Faculty and staff should create records with the expectation that they could be the subject of an access request. Where feasible, organize records at the time of creation in ways that facilitate access.
Legal advice and policy recommendations are examples of items that can be withheld at the discretion of a senior manager. It is important for staff and faculty to ensure that they clearly identify such items in their correspondence, minutes of meetings, etc. If you are giving advice or recommendations, say so in the record. On the other hand, background discussions, staff and faculty opinions (not legal opinions) and other fact reporting that lead up to the policy recommendation are generally releasable. Always create records assuming someone will ask to see them.
When you create a University record:
- Create records with access in mind - assume someone will ask to see it (don't create a record with the expectation of complete and absolute secrecy).
- Create files with access in mind:
- One case - one file.
- Eliminate copies.
- Use consistent filing practices
- Make sure confidential records are kept separate from ones that are not confidential.
When keeping records:
- Follow the Records Retention Schedule if one exists for the record.
- Retain records used to make a decision about an individual for a minimum of one year.
- Retain complete, accurate and reliable records of evidence.
- Don't destroy records unless authorized under the Records Retention Schedule or without checking with the FOIPOP Administrator.

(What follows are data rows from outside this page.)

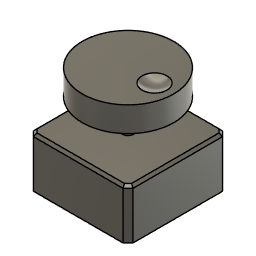
Knob Base  Basic v2 (Autodesk Fusion 360 design; units mm, degrees)
Autodesk Fusion 360 part; units mm, degrees
sketch "Sketch1" plane through (0, 0, 0) normal (0, 1, 0) x (1, 0, 0)
  line L0 (30, 30) -> (-30, 30)
  line L1 (-30, 30) -> (-30, -30)
  line L2 (-30, -30) -> (30, -30)
  line L3 (30, -30) -> (30, 30)
  line L4 (30, 30) -> (-30, -30) construction
  line L5 (-30, 30) -> (30, -30) construction
  circle A0 centre (0, 0) radius 3.5
  circle A1 centre (0, 0) radius 6.5
  line L6 (27, 27) -> (-27, 27)
  line L7 (-27, 27) -> (-27, -27)
  line L8 (-27, -27) -> (27, -27)
  line L9 (27, -27) -> (27, 27)
  line L10 (-16.3934, -27) -> (-27, -16.3934)
  line L11 (27, -16.3934) -> (16.3934, -27)
  line L12 (16.3934, 27) -> (27, 16.3934)
  line L13 (-27, 16.3934) -> (-16.3934, 27)
  dimension "d1" = 60
  dimension "d2" = 60
  dimension "d3" = 7
  dimension "d4" = 13
  dimension "d9" = -3
  dimension "d12" = 15
  dimension "d14" = 360
  constraint horizontal L0
  constraint perpendicular L0 L1
  constraint parallel L0 L2
  constraint parallel L1 L3
  constraint coincident L4 A0.centre
  constraint coincident L5 A0.centre
  constraint coincident A0.centre A1.centre
  constraint coincident L8 L10.start
  constraint coincident L7 L10.end
  constraint perpendicular L4 L10
  measures "d1" distance of L1.end L2.end
  measures "d2" distance of L0.end L1.end
  measures "d3" diameter of A0
  measures "d4" diameter of A1
  measures "d12" distance of L10.start L10.end
extrude "Extrude1" add sketch "Sketch1" along normal blind 2 contours L0 L1 L2 L3 | A1 | L6 L9 L12 | L6 L7 L8 L9 L10 L11 L12 L13 | L6 L7 L13 | L8 L9 L11 | L7 L8 L10 makes body 1
extrude "Extrude2" add sketch "Sketch1" against normal blind 5 contours A1 bodies 1
extrude "Extrude3" add sketch "Sketch1" against normal blind 28 contours L0 L1 L2 L3 bodies 1
extrude "Extrude4" add sketch "Sketch1" against normal blind 24 contours L6 L9 L12 | L6 L7 L13 | L8 L9 L11 | L7 L8 L10 bodies 1
sketch "Sketch2" plane through (0, -24, 0) normal (0, -1, 0) x (1, 0, 0)
  line L0 (-27, 16.3934) -> (-16.3934, 27)
  line L1 (-16.3934, 27) -> (-27, 27)
  line L2 (-27, 27) -> (-27, 16.3934)
  circle A0 centre (-23.818, 23.818) radius 1.5
  line L3 (-27, 27) -> (-21.6967, 21.6967) construction
  line L4 (-16.3934, 27) -> (-27, 16.3934)
  dimension "d17" = 3
  dimension "d23" = 4.5
  constraint coincident L1.end L2.start
  constraint midpoint L0 L3.end
  constraint coincident A0.centre L3
  measures "d17" diameter of A0
  measures "d23" distance of A0.centre L1.end
extrude "Extrude5" cut sketch "Sketch2" against normal blind 20 contours A0 bodies 1
pattern_circular "C-Pattern1" count 4 over 360 about axis through (0, 1.75, 0) along (0, 1, 0) of "Extrude5"
sketch "Sketch3" plane through (0, -28, 0) normal (0, -1, 0) x (1, 0, 0)
  line L0 (27, 27) -> (27, -27)
  line L1 (27, -27) -> (-27, -27)
  line L2 (-27, -27) -> (-27, 27)
  line L3 (-27, 27) -> (27, 27)
  line L4 (30, -30) -> (30, 30)
  line L5 (30, 30) -> (-30, 30)
  line L6 (-30, 30) -> (-30, -30)
  line L7 (-30, -30) -> (30, -30)
  line L8 (26.5, -26.5) -> (-26.5, -26.5)
  line L9 (-26.5, -26.5) -> (-26.5, 26.5)
  line L10 (-26.5, 26.5) -> (26.5, 26.5)
  line L11 (26.5, 26.5) -> (26.5, -26.5)
  line L12 (-26.5, -26.5) -> (26.5, 26.5) construction
  circle A0 centre (-23.818, -23.818) radius 1.6
  dimension "d24" = 0.5
  dimension "d30" = 3.2
  dimension "d31" = 4.5
  constraint coincident L12 A0.centre
  measures "d30" diameter of A0
  measures "d31" distance of L1.end A0.centre
extrude "Extrude6" add sketch "Sketch3" against normal blind 2 from surface at -2 separate body contours L8 L9 L10 L11 | A0 makes body 2
extrude "Extrude7" cut sketch "Sketch3" against normal blind 4 contours A0 bodies 2
pattern_circular "C-Pattern2" count 4 over 360 about axis through (0, 1.75, 0) along (0, 1, 0) of "Extrude7"
sketch "Sketch4" plane through (0, 0, -30) normal (0, 0, -1) x (-1, 0, 0)
  line L0 (30, -28) -> (30, 2)
  line L1 (30, 2) -> (-30, 2)
  line L2 (-30, 2) -> (-30, -28)
  line L3 (-30, -28) -> (30, -28)
  line L4 (-16, -6) -> (16, -6)
  line L5 (16, -6) -> (16, -18)
  line L6 (16, -18) -> (-16, -18)
  line L7 (-16, -18) -> (-16, -6)
  line L8 (-26.5, -28) -> (26.5, -28)
  dimension "d36" = 8
  dimension "d37" = 10
  dimension "d38" = 14
  dimension "d39" = 14
  constraint horizontal L4
  constraint vertical L5
  constraint horizontal L6
  constraint vertical L7
  measures "d36" distance of L1 L4
  measures "d37" distance of L6 L8
  measures "d38" distance of L2 L7
  measures "d39" distance of L0 L5
extrude "Extrude8" cut sketch "Sketch4" against normal blind 5 contours L4 L5 L6 L7 bodies 1
fillet "Fillet1" radius 5 4 edges at (-16, -18, -28.5) (-16, -6, -28.5) (16, -6, -28.5) (16, -18, -28.5) on bodies 1
chamfer "Chamfer1" distance 3 angle 45 4 edges at (30, -13, -30) (-30, -13, -30) (-30, -13, 30) (30, -13, 30) on bodies 1
chamfer "Chamfer2" distance 1.5 angle 45 8 edges at (0, 2, 30) (-28.5, 2, 28.5) (-30, 2, 0) (-28.5, 2, -28.5) (0, 2, -30) (28.5, 2, -28.5) (30, 2, 0) (28.5, 2, 28.5) on bodies 1
chamfer "Chamfer3" distance 0.75 angle 45 16 edges at (0, -18, -27) (-14.5355, -16.5355, -27) (-16, -12, -27) (-14.5355, -7.4645, -27) (0, -6, -27) (14.5355, -7.4645, -27) (16, -12, -27) (14.5355, -16.5355, -27) (0, -18, -30) (14.5355, -16.5355, -30) (16, -12, -30) (14.5355, -7.4645, -30) (0, -6, -30) (-14.5355, -7.4645, -30) (-16, -12, -30) (-14.5355, -16.5355, -30) on bodies 1
sketch "Sketch6" plane through (0, 0, 0) normal (0, 1, 0) x (1, 0, 0)
  circle A0 centre (0, 0) radius 27.5
  dimension "d48" = 55
  constraint coincident A0.centre origin
  measures "d48" diameter of A0
extrude "Extrude9" add sketch "Sketch6" along normal blind 15 from surface at 20 separate body makes body 3
sketch "Sketch7" plane through (0, 20, 0) normal (0, -1, 0) x (1, 0, 0)
  circle A0 centre (0, 0) radius 27.5
  circle A1 centre (0, 0) radius 3
  line L0 (-1.5, 2.5981) -> (-1.5, -2.5981)
  dimension "d53" = 6
  dimension "d54" = 1.5
  constraint concentric A0 A1
  constraint coincident A1 L0.start
  constraint coincident A1 L0.end
  constraint vertical L0
  measures "d53" diameter of A1
  measures "d54" distance of A0.centre L0
extrude "Extrude10" cut sketch "Sketch7" against normal blind 6 contours A1 L0 picked at (-0.6347, 0.9309) bodies 3
extrude "Extrude11" cut sketch "Sketch7" against normal blind 1 contours A1 L0 picked at (-1.7331, -0.6802) bodies 3
sketch "Sketch8" plane through (0, 0, 0) normal (0, 0, 1) x (1, 0, 0)
  circle A0 centre (16, 48) radius 15
  line L0 (27.5, 35) -> (-27.5, 35)
  line L1 (0, 35) -> (0, 85) construction
  line L2 (16, 35) -> (16, 85) construction
  line L3 (16, 33) -> (16, 63)
  dimension "d59" = 30
  dimension "d60" = 13
  dimension "d61" = 50
  dimension "d63" = 50
  dimension "d64" = 16
  constraint midpoint L0 L1.start
  constraint perpendicular L0 L1
  constraint coincident L0 L2.start
  constraint perpendicular L0 L2
  constraint coincident A0.centre L2
  constraint coincident A0 L3.start
  constraint coincident L2 L3.end
  constraint coincident A0 L3.end
  constraint perpendicular L0 L3
  measures "d59" diameter of A0
  measures "d60" distance of A0.centre L0
  measures "d61" distance of L1.start L1.end
  measures "d63" distance of L2.start L2.end
  measures "d64" distance of L1 L2
revolve "Revolve1" cut sketch "Sketch8" angle 360 about axis through (16, 35, 0) along (0, 1, 0) contours A0 L0 L3 | A0 L0 L3 picked at (16.7116, 53.6158) picked at (16.651, 33.7092) bodies 3
sketch "Sketch9" plane through (0, 35, 0) normal (0, 1, 0) x (-1, 0, 0)
  circle A0 centre (-16, 0) radius 7.4833
  circle A1 centre (0, 0) radius 27.5
  circle A2 centre (14.5, 0) radius 10.5
  line L0 (0, 0) -> (27.5, 0) construction
  circle A3 centre (0, 0) radius 3 construction
  dimension "d66" = 21
  dimension "d67" = 14.5
  dimension "d68" = 6
  constraint coincident A1.centre L0.start
  constraint coincident A1 L0.end
  constraint horizontal L0
  constraint coincident A2.centre L0
  measures "d66" diameter of A2
  measures "d67" distance of A2.centre A1.centre
  measures "d68" diameter of A3
extrude "Extrude12" cut sketch "Sketch9" against normal blind 9.5 from surface at -2 contours A2 bodies 3
pattern_circular "C-Pattern3" count 3 over 360 about axis through (0, 1.75, 0) along (0, 1, 0) of "Extrude12"
named bodies: "Knob Base Basic Main", "Knob Base Basic Cover", "Knob Base Basic Knob"

Conduct an inventory of your office files annually. Staff and faculty should prepare detailed file lists of records sent to storage. Detailed lists will make it easier to locate those records later. The Act is retroactive so it covers records created before the Act was law, at a time when staff and faculty had no idea the information would ever be released. Remember: Embarrassment is not an exemption.
Establish security standards to ensure that records containing information requiring protection are clearly marked CONFIDENTIAL and treated accordingly. Although a CONFIDENTIAL marking doesn't mean a record won't be released under the Act, it does provide strong evidence when we are defending why we wouldn't release a document. A word of caution: don't automatically stamp every record as "confidential" as this practice can work against you and your clients by lessening the defense of a "confidential" stamp when it is really needed. By handling requests for information quickly, informally and in the spirit of openness, you may be able to avoid formal FOIPOP requests which are time consuming and costly.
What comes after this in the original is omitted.